● TASK DESCRIPTION:
Whatever the records contain, reproduce all of them exactly.
•••••
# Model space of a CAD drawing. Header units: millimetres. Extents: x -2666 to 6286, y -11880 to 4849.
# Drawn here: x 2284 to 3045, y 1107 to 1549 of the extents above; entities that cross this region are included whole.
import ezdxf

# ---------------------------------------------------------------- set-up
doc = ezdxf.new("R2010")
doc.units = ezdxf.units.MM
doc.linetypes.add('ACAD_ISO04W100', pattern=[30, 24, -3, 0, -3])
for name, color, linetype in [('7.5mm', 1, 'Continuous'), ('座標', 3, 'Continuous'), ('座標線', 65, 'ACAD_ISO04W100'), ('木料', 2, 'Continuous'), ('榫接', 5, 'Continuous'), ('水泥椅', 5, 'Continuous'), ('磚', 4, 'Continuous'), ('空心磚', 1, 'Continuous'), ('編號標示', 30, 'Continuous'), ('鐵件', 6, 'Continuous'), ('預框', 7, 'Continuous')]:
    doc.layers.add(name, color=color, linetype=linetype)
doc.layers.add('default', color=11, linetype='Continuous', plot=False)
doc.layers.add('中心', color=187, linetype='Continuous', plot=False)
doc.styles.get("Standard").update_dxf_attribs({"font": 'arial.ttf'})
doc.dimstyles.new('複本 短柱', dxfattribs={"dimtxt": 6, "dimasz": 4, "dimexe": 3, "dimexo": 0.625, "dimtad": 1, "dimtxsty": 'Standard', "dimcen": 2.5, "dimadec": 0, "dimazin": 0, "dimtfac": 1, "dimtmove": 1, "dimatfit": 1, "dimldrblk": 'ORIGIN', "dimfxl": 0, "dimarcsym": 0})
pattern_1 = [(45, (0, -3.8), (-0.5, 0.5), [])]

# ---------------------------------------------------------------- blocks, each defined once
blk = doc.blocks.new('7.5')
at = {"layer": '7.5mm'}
•••••
● EXERCISE RESPONSE:
# Model space of a CAD drawing. Header units: millimetres. Extents: x -2666 to 6286, y -11880 to 4849.
# Drawn here: x 2284 to 3045, y 1107 to 1549 of the extents above; entities that cross this region are included whole.
import ezdxf

# ---------------------------------------------------------------- set-up
doc = ezdxf.new("R2010")
doc.units = ezdxf.units.MM
doc.linetypes.add('ACAD_ISO04W100', pattern=[30, 24, -3, 0, -3])
for name, color, linetype in [('7.5mm', 1, 'Continuous'), ('座標', 3, 'Continuous'), ('座標線', 65, 'ACAD_ISO04W100'), ('木料', 2, 'Continuous'), ('榫接', 5, 'Continuous'), ('水泥椅', 5, 'Continuous'), ('磚', 4, 'Continuous'), ('空心磚', 1, 'Continuous'), ('編號標示', 30, 'Continuous'), ('鐵件', 6, 'Continuous'), ('預框', 7, 'Continuous')]:
    doc.layers.add(name, color=color, linetype=linetype)
doc.layers.add('default', color=11, linetype='Continuous', plot=False)
doc.layers.add('中心', color=187, linetype='Continuous', plot=False)
doc.styles.get("Standard").update_dxf_attribs({"font": 'arial.ttf'})
doc.dimstyles.new('複本 短柱', dxfattribs={"dimtxt": 6, "dimasz": 4, "dimexe": 3, "dimexo": 0.625, "dimtad": 1, "dimtxsty": 'Standard', "dimcen": 2.5, "dimadec": 0, "dimazin": 0, "dimtfac": 1, "dimtmove": 1, "dimatfit": 1, "dimldrblk": 'ORIGIN', "dimfxl": 0, "dimarcsym": 0})
pattern_1 = [(45, (0, -3.8), (-0.5, 0.5), [])]

# ---------------------------------------------------------------- blocks, each defined once
blk = doc.blocks.new('7.5')
at = {"layer": '7.5mm'}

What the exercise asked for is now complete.